[Exercise data]
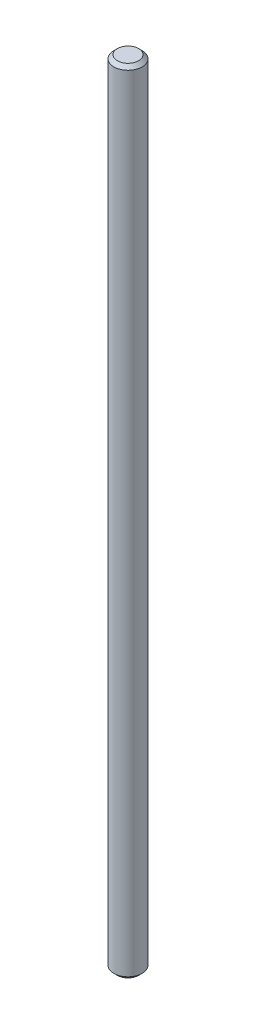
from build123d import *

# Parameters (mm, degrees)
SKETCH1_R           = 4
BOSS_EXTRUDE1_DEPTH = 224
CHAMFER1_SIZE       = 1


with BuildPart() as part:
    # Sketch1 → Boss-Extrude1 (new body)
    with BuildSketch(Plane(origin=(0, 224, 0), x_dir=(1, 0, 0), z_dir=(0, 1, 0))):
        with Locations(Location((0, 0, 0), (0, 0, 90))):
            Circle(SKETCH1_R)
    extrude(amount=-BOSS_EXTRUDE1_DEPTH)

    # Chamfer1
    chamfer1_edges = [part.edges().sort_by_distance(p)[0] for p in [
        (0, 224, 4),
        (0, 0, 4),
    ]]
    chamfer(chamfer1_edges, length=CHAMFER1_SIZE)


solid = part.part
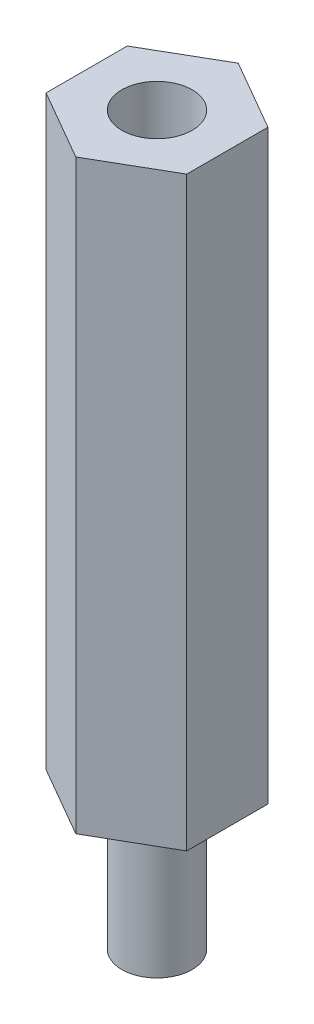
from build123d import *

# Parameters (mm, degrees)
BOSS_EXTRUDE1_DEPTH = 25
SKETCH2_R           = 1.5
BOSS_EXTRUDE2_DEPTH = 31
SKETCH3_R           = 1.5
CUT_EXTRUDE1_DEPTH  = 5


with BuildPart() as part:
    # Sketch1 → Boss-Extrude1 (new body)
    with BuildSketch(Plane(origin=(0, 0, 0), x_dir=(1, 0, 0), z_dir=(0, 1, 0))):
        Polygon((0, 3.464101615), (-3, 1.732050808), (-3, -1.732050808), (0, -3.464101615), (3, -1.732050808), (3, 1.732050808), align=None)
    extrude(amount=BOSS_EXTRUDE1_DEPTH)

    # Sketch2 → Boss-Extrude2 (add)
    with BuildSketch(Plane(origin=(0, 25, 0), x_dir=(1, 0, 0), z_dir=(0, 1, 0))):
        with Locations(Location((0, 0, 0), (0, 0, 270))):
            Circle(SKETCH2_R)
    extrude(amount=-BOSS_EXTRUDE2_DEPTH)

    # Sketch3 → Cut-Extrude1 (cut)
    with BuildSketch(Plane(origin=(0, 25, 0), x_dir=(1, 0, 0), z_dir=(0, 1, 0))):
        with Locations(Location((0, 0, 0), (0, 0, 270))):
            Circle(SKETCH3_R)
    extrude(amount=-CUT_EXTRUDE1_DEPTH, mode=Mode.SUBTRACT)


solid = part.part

[Task statement]
An exact printout of the listing is needed, minus any pictures it contains.

[Exercise response]
from build123d import *

# Parameters (mm, degrees)
SKETCH1_R           = 4
BOSS_EXTRUDE1_DEPTH = 224
CHAMFER1_SIZE       = 1


with BuildPart() as part:
    # Sketch1 → Boss-Extrude1 (new body)
    with BuildSketch(Plane(origin=(0, 224, 0), x_dir=(1, 0, 0), z_dir=(0, 1, 0))):
        with Locations(Location((0, 0, 0), (0, 0, 90))):
            Circle(SKETCH1_R)
    extrude(amount=-BOSS_EXTRUDE1_DEPTH)

    # Chamfer1
    chamfer1_edges = [part.edges().sort_by_distance(p)[0] for p in [
        (0, 224, 4),
        (0, 0, 4),
    ]]
    chamfer(chamfer1_edges, length=CHAMFER1_SIZE)


solid = part.part
from build123d import *

# Parameters (mm, degrees)
BOSS_EXTRUDE1_DEPTH = 25
SKETCH2_R           = 1.5
BOSS_EXTRUDE2_DEPTH = 31
SKETCH3_R           = 1.5
CUT_EXTRUDE1_DEPTH  = 5


with BuildPart() as part:
    # Sketch1 → Boss-Extrude1 (new body)
    with BuildSketch(Plane(origin=(0, 0, 0), x_dir=(1, 0, 0), z_dir=(0, 1, 0))):
        Polygon((0, 3.464101615), (-3, 1.732050808), (-3, -1.732050808), (0, -3.464101615), (3, -1.732050808), (3, 1.732050808), align=None)
    extrude(amount=BOSS_EXTRUDE1_DEPTH)

    # Sketch2 → Boss-Extrude2 (add)
    with BuildSketch(Plane(origin=(0, 25, 0), x_dir=(1, 0, 0), z_dir=(0, 1, 0))):
        with Locations(Location((0, 0, 0), (0, 0, 270))):
            Circle(SKETCH2_R)
    extrude(amount=-BOSS_EXTRUDE2_DEPTH)

    # Sketch3 → Cut-Extrude1 (cut)
    with BuildSketch(Plane(origin=(0, 25, 0), x_dir=(1, 0, 0), z_dir=(0, 1, 0))):
        with Locations(Location((0, 0, 0), (0, 0, 270))):
            Circle(SKETCH3_R)
    extrude(amount=-CUT_EXTRUDE1_DEPTH, mode=Mode.SUBTRACT)


solid = part.part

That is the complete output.